Él ladeó la cabeza y aspiró aire. Se acomodó en el sofá echándose más hacia atrás y con un gesto con la mano la invitó a hablar, ella lo miró con recelo, bajo la mirada y tras cerrar los ojos de forma rápida, lo volvió a mirar con intensidad.
—¿A caso te interesa? —preguntó ella.
—Me interesa. Habla.
—He crecido profesionalmente con él, he aprendido muchas cosas, me tiene paciencia, me motiva y me escucha, estoy cómoda con él, con el equipo y con lo que hago, tengo miedo de no ser suficiente en otro puesto.
—Serás suficiente, es hora de hacer algo nuevo, tú puedes, yo no lo dudo.
—¿Por qué yo?
—Porque estás bien valorada, eres buena y tienes potencial.
—Me querías echar —reclamó alargando la frase mientras alzaba el mentón.
Julio César rodó los ojos y se levantó, se acercó a una nevera ejecutiva y la abrió, la miró y señaló hacia adentro ofreciéndole algo, ella negó. Él sacó una botella de agua y la destapó, se apoyó en su escritorio manteniéndose de pie y la miro a la cara.

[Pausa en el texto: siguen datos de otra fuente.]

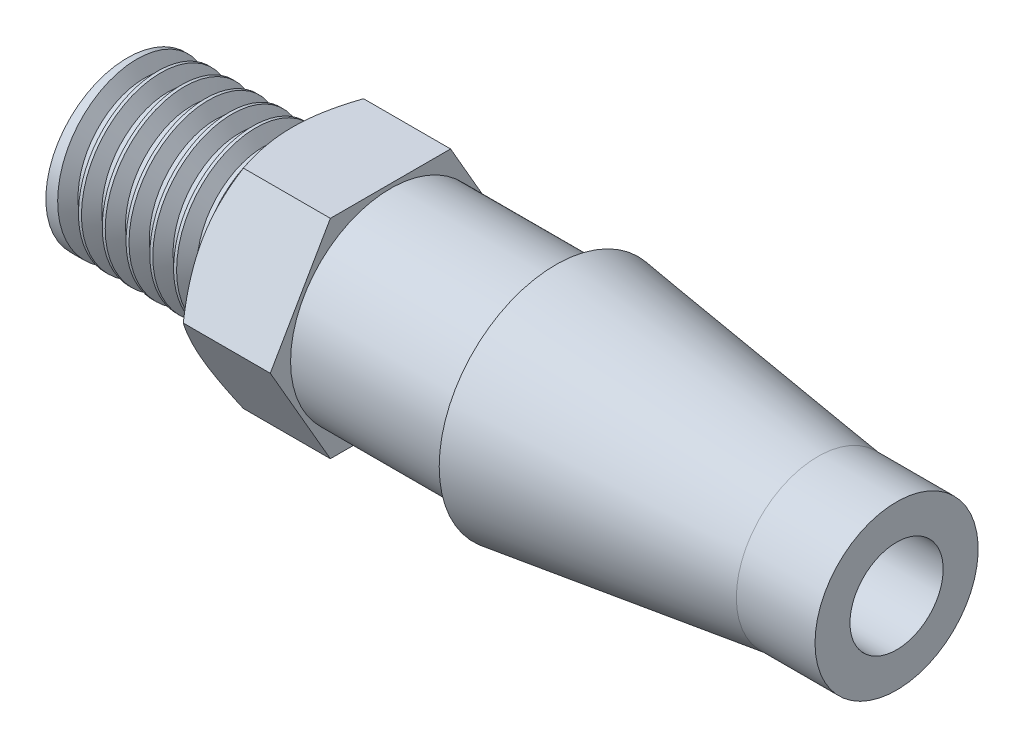
from build123d import *

# Parameters (mm, degrees)
CUT_EXTRUDE_THIN1_DEPTH = 10
THREAD1_PITCH           = 0.907142857


with BuildPart() as part:
    # Sketch1 → Revolve1 (revolve)
    with BuildSketch(Plane.XY, mode=Mode.PRIVATE) as revolve1_sk:
        Polygon((0, 1.778), (29.337, 1.778), (29.337, 3.1115), (26.337, 3.1115), (16.337, 4.445), (16.337, 3.81), (10.033, 3.81), (10.033, 4.5847), (6.715, 4.5847), (5.715, 3.1115), (0, 3.1115), align=None)
    revolve(revolve1_sk.sketch.rotate(Axis((-14.698133333, 0, 0), (1, 0, 0)), 90), axis=Axis((-14.698133333, 0, 0), (1, 0, 0)))

    # Sketch2 → Cut-Extrude-Thin1 (cut)
    with BuildSketch(Plane(origin=(10.033, 0, 0), x_dir=(0, 0, -1), z_dir=(1, 0, 0))):
        Polygon((-8.065852692, 13.970466669), (8.065852692, 13.970466669), (16.131705384, 0), (8.065852692, -13.970466669), (-8.065852692, -13.970466669), (-16.131705384, 0), align=None)
        Polygon((-2.29235, 3.970466669), (2.29235, 3.970466669), (4.5847, 0), (2.29235, -3.970466669), (-2.29235, -3.970466669), (-4.5847, 0), align=None, mode=Mode.SUBTRACT)
    extrude(amount=-CUT_EXTRUDE_THIN1_DEPTH, mode=Mode.SUBTRACT)

    # Thread1: the profile of Thread Profile1 profile screwed along a right-hand helix of 6.3 turns, 8 arcs to a turn; built about Z, then put on its axis
    thread1_z = Axis((0, 0, 0), (0, 0, 1))
    thread1_corners = [(3.1118, 0, -0.000173205), (3.1118, 0, 0.793923203), (2.620494528, 0, 0.510267856), (2.620494528, 0, 0.283482142)]
    with BuildLine(mode=Mode.PRIVATE) as thread1_profile:
        Line(thread1_corners[0], thread1_corners[1])
        Line(thread1_corners[1], thread1_corners[2])
        Line(thread1_corners[2], thread1_corners[3])
        Line(thread1_corners[3], thread1_corners[0])
    thread1_cap = Face(thread1_profile.wire())
    thread1_turn_angles = [0, 22.5, 45, 67.5, 90, 112.5, 135, 157.5, 180, 202.5, 225, 247.5, 270, 292.5, 315, 337.5, 360]
    thread1_turn_weights = [1, 0.9238795325112867, 1, 0.9238795325112867, 1, 0.9238795325112867, 1, 0.9238795325112867, 1, 0.9238795325112867, 1, 0.9238795325112867, 1, 0.9238795325112867, 1, 0.9238795325112867, 1]
    thread1_turn_rails = [Edge.make_bspline([Vector(p[0], p[1], 0).rotate(thread1_z, thread1_turn_angles[k]) / thread1_turn_weights[k] + Vector(0, 0, p[2] + THREAD1_PITCH * thread1_turn_angles[k] / 360) for k in range(17)], [0, 0, 0, 1, 1, 2, 2, 3, 3, 4, 4, 5, 5, 6, 6, 7, 7, 8, 8, 8], 2, thread1_turn_weights) for p in thread1_corners]
    thread1_turn_sides = [Face.make_surface_from_curves(thread1_turn_rails[p[0]], thread1_turn_rails[p[1]]) for p in [(0, 1), (1, 2), (2, 3), (3, 0)]]
    thread1_last_angles = [2160, 2182.5, 2205, 2227.5, 2250, 2259, 2268]
    thread1_last_weights = [1, 0.9238795325112867, 1, 0.9238795325112867, 1, 0.9876883405951364, 1]
    thread1_last_rails = [Edge.make_bspline([Vector(p[0], p[1], 0).rotate(thread1_z, thread1_last_angles[k]) / thread1_last_weights[k] + Vector(0, 0, p[2] + THREAD1_PITCH * thread1_last_angles[k] / 360) for k in range(7)], [0, 0, 0, 1, 1, 2, 2, 3, 3, 3], 2, thread1_last_weights) for p in thread1_corners]
    thread1_last_sides = [Face.make_surface_from_curves(thread1_last_rails[p[0]], thread1_last_rails[p[1]]) for p in [(0, 1), (1, 2), (2, 3), (3, 0)]]
    thread1 = Plane(origin=(0, 0, 0), x_dir=(0, 0, -1), z_dir=(1, 0, 0)) * Solid(Shell([*[p.moved(Location((0, 0, THREAD1_PITCH * i))) for i in range(6) for p in thread1_turn_sides], *thread1_last_sides, thread1_cap, thread1_cap.rotate(thread1_z, 2268).moved(Location((0, 0, THREAD1_PITCH * 2268 / 360)))]))
    add(thread1, mode=Mode.SUBTRACT)


solid = part.part

—Sigues pegada en el pasado. Déjalo ir. Lo siento, Verónica, lo siento. Déjalo ir.
—¿Qué lo dejé ir? Lloraba, Julio César, yo lloraba angustiada, pensando en que perdería mi trabajo, estaba aterrada, y todo para tu comodidad, supongo.
—Supones cosas, las cosas no fueron así, ha pasado tiempo y debes estar confundida.
—¿Confundida?, claro, debe ser eso, mi memoria debe estar dañada.
—No importa, la realidad es que eres una buena pieza para la compañía.